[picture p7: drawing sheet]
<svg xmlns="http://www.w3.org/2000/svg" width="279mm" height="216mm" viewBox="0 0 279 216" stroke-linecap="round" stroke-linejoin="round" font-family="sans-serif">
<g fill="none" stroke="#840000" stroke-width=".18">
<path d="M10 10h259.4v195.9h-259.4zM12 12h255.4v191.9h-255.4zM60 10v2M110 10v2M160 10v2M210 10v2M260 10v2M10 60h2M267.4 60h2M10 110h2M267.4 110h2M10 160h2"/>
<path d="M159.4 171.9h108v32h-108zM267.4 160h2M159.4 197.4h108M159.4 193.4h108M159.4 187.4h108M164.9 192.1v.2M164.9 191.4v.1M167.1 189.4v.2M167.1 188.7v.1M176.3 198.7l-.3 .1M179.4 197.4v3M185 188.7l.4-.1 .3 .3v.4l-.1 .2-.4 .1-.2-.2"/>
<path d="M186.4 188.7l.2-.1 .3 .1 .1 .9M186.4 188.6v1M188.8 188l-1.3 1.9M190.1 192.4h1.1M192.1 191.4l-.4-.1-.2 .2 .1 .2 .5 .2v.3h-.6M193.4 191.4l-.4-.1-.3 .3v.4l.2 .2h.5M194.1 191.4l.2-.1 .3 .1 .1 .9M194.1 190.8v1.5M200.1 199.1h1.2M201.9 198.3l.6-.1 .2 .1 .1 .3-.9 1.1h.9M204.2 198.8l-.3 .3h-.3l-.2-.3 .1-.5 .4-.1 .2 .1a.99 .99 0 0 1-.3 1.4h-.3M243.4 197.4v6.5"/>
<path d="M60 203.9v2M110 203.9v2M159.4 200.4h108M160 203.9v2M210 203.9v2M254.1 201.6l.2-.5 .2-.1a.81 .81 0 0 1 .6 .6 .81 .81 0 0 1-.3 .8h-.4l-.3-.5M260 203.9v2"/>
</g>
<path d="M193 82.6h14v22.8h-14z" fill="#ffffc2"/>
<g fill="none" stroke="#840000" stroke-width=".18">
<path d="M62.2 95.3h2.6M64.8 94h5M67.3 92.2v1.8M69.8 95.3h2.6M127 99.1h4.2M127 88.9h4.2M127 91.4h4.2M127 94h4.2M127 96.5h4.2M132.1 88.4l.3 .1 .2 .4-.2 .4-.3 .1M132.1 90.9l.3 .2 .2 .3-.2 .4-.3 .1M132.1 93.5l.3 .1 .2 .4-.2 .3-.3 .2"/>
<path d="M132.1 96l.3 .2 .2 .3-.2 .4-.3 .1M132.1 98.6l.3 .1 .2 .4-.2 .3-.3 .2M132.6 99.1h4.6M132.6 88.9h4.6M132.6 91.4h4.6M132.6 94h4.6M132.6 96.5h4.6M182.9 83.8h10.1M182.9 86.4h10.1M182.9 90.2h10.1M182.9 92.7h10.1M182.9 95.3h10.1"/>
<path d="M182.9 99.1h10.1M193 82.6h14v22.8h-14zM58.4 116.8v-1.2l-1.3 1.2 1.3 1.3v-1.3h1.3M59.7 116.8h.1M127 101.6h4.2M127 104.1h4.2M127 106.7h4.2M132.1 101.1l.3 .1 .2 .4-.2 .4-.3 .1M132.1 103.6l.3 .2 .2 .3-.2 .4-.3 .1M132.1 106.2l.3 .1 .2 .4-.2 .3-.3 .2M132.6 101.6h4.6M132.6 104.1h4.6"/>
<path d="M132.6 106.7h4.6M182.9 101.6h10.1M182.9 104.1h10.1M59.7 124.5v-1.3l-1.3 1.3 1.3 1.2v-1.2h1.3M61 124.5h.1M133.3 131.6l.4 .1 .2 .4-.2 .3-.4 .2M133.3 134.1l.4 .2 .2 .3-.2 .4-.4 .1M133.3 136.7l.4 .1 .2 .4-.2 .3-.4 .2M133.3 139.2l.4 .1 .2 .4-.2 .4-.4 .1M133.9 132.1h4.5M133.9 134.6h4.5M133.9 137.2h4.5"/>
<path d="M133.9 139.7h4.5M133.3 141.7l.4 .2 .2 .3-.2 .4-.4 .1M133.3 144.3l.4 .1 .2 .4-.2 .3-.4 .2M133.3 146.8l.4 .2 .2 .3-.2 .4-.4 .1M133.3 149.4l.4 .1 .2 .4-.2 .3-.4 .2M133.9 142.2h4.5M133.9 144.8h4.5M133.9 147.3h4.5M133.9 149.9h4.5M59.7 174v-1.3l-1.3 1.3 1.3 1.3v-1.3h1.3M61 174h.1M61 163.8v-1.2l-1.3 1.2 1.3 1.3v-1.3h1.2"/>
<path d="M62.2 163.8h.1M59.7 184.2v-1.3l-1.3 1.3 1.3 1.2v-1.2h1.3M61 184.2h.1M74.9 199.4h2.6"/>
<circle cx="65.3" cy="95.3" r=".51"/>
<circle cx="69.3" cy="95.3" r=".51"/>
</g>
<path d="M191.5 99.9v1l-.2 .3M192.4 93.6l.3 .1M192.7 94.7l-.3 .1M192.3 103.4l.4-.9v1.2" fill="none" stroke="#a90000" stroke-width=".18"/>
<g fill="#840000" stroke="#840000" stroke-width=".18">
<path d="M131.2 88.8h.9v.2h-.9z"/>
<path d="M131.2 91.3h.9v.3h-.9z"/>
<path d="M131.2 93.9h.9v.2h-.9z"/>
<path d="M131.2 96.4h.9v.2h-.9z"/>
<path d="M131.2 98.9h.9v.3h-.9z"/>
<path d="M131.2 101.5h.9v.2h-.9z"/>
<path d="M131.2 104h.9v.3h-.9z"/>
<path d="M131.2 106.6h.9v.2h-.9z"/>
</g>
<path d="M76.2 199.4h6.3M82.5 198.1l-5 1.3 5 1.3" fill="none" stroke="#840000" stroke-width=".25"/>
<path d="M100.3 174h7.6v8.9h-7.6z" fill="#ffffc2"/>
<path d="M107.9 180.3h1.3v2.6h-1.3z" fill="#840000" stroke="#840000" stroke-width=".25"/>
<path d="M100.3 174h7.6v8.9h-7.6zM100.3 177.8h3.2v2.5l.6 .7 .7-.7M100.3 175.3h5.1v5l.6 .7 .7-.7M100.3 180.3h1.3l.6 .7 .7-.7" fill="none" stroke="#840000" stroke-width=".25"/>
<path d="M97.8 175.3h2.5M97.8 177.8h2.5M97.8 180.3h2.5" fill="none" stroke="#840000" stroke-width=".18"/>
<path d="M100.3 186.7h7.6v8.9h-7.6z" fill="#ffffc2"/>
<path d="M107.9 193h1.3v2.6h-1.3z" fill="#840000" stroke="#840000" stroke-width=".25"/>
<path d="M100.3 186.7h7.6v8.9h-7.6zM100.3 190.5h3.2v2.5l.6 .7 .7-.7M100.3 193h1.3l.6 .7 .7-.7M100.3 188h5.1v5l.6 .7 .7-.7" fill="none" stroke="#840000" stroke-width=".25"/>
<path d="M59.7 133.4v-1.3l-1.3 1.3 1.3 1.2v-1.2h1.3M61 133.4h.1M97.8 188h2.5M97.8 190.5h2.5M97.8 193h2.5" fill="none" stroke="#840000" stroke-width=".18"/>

+++

--- The problem ---
When you reach the end of the listing, print it again in full, exactly as given.

--- Answer area ---
[picture p7: drawing sheet]
<svg xmlns="http://www.w3.org/2000/svg" width="279mm" height="216mm" viewBox="0 0 279 216" stroke-linecap="round" stroke-linejoin="round" font-family="sans-serif">
<g fill="none" stroke="#840000" stroke-width=".18">
<path d="M10 10h259.4v195.9h-259.4zM12 12h255.4v191.9h-255.4zM60 10v2M110 10v2M160 10v2M210 10v2M260 10v2M10 60h2M267.4 60h2M10 110h2M267.4 110h2M10 160h2"/>
<path d="M159.4 171.9h108v32h-108zM267.4 160h2M159.4 197.4h108M159.4 193.4h108M159.4 187.4h108M164.9 192.1v.2M164.9 191.4v.1M167.1 189.4v.2M167.1 188.7v.1M176.3 198.7l-.3 .1M179.4 197.4v3M185 188.7l.4-.1 .3 .3v.4l-.1 .2-.4 .1-.2-.2"/>
<path d="M186.4 188.7l.2-.1 .3 .1 .1 .9M186.4 188.6v1M188.8 188l-1.3 1.9M190.1 192.4h1.1M192.1 191.4l-.4-.1-.2 .2 .1 .2 .5 .2v.3h-.6M193.4 191.4l-.4-.1-.3 .3v.4l.2 .2h.5M194.1 191.4l.2-.1 .3 .1 .1 .9M194.1 190.8v1.5M200.1 199.1h1.2M201.9 198.3l.6-.1 .2 .1 .1 .3-.9 1.1h.9M204.2 198.8l-.3 .3h-.3l-.2-.3 .1-.5 .4-.1 .2 .1a.99 .99 0 0 1-.3 1.4h-.3M243.4 197.4v6.5"/>
<path d="M60 203.9v2M110 203.9v2M159.4 200.4h108M160 203.9v2M210 203.9v2M254.1 201.6l.2-.5 .2-.1a.81 .81 0 0 1 .6 .6 .81 .81 0 0 1-.3 .8h-.4l-.3-.5M260 203.9v2"/>
</g>
<path d="M193 82.6h14v22.8h-14z" fill="#ffffc2"/>
<g fill="none" stroke="#840000" stroke-width=".18">
<path d="M62.2 95.3h2.6M64.8 94h5M67.3 92.2v1.8M69.8 95.3h2.6M127 99.1h4.2M127 88.9h4.2M127 91.4h4.2M127 94h4.2M127 96.5h4.2M132.1 88.4l.3 .1 .2 .4-.2 .4-.3 .1M132.1 90.9l.3 .2 .2 .3-.2 .4-.3 .1M132.1 93.5l.3 .1 .2 .4-.2 .3-.3 .2"/>
<path d="M132.1 96l.3 .2 .2 .3-.2 .4-.3 .1M132.1 98.6l.3 .1 .2 .4-.2 .3-.3 .2M132.6 99.1h4.6M132.6 88.9h4.6M132.6 91.4h4.6M132.6 94h4.6M132.6 96.5h4.6M182.9 83.8h10.1M182.9 86.4h10.1M182.9 90.2h10.1M182.9 92.7h10.1M182.9 95.3h10.1"/>
<path d="M182.9 99.1h10.1M193 82.6h14v22.8h-14zM58.4 116.8v-1.2l-1.3 1.2 1.3 1.3v-1.3h1.3M59.7 116.8h.1M127 101.6h4.2M127 104.1h4.2M127 106.7h4.2M132.1 101.1l.3 .1 .2 .4-.2 .4-.3 .1M132.1 103.6l.3 .2 .2 .3-.2 .4-.3 .1M132.1 106.2l.3 .1 .2 .4-.2 .3-.3 .2M132.6 101.6h4.6M132.6 104.1h4.6"/>
<path d="M132.6 106.7h4.6M182.9 101.6h10.1M182.9 104.1h10.1M59.7 124.5v-1.3l-1.3 1.3 1.3 1.2v-1.2h1.3M61 124.5h.1M133.3 131.6l.4 .1 .2 .4-.2 .3-.4 .2M133.3 134.1l.4 .2 .2 .3-.2 .4-.4 .1M133.3 136.7l.4 .1 .2 .4-.2 .3-.4 .2M133.3 139.2l.4 .1 .2 .4-.2 .4-.4 .1M133.9 132.1h4.5M133.9 134.6h4.5M133.9 137.2h4.5"/>
<path d="M133.9 139.7h4.5M133.3 141.7l.4 .2 .2 .3-.2 .4-.4 .1M133.3 144.3l.4 .1 .2 .4-.2 .3-.4 .2M133.3 146.8l.4 .2 .2 .3-.2 .4-.4 .1M133.3 149.4l.4 .1 .2 .4-.2 .3-.4 .2M133.9 142.2h4.5M133.9 144.8h4.5M133.9 147.3h4.5M133.9 149.9h4.5M59.7 174v-1.3l-1.3 1.3 1.3 1.3v-1.3h1.3M61 174h.1M61 163.8v-1.2l-1.3 1.2 1.3 1.3v-1.3h1.2"/>
<path d="M62.2 163.8h.1M59.7 184.2v-1.3l-1.3 1.3 1.3 1.2v-1.2h1.3M61 184.2h.1M74.9 199.4h2.6"/>
<circle cx="65.3" cy="95.3" r=".51"/>
<circle cx="69.3" cy="95.3" r=".51"/>
</g>
<path d="M191.5 99.9v1l-.2 .3M192.4 93.6l.3 .1M192.7 94.7l-.3 .1M192.3 103.4l.4-.9v1.2" fill="none" stroke="#a90000" stroke-width=".18"/>
<g fill="#840000" stroke="#840000" stroke-width=".18">
<path d="M131.2 88.8h.9v.2h-.9z"/>
<path d="M131.2 91.3h.9v.3h-.9z"/>
<path d="M131.2 93.9h.9v.2h-.9z"/>
<path d="M131.2 96.4h.9v.2h-.9z"/>
<path d="M131.2 98.9h.9v.3h-.9z"/>
<path d="M131.2 101.5h.9v.2h-.9z"/>
<path d="M131.2 104h.9v.3h-.9z"/>
<path d="M131.2 106.6h.9v.2h-.9z"/>
</g>
<path d="M76.2 199.4h6.3M82.5 198.1l-5 1.3 5 1.3" fill="none" stroke="#840000" stroke-width=".25"/>
<path d="M100.3 174h7.6v8.9h-7.6z" fill="#ffffc2"/>
<path d="M107.9 180.3h1.3v2.6h-1.3z" fill="#840000" stroke="#840000" stroke-width=".25"/>
<path d="M100.3 174h7.6v8.9h-7.6zM100.3 177.8h3.2v2.5l.6 .7 .7-.7M100.3 175.3h5.1v5l.6 .7 .7-.7M100.3 180.3h1.3l.6 .7 .7-.7" fill="none" stroke="#840000" stroke-width=".25"/>
<path d="M97.8 175.3h2.5M97.8 177.8h2.5M97.8 180.3h2.5" fill="none" stroke="#840000" stroke-width=".18"/>
<path d="M100.3 186.7h7.6v8.9h-7.6z" fill="#ffffc2"/>
<path d="M107.9 193h1.3v2.6h-1.3z" fill="#840000" stroke="#840000" stroke-width=".25"/>
<path d="M100.3 186.7h7.6v8.9h-7.6zM100.3 190.5h3.2v2.5l.6 .7 .7-.7M100.3 193h1.3l.6 .7 .7-.7M100.3 188h5.1v5l.6 .7 .7-.7" fill="none" stroke="#840000" stroke-width=".25"/>
<path d="M59.7 133.4v-1.3l-1.3 1.3 1.3 1.2v-1.2h1.3M61 133.4h.1M97.8 188h2.5M97.8 190.5h2.5M97.8 193h2.5" fill="none" stroke="#840000" stroke-width=".18"/>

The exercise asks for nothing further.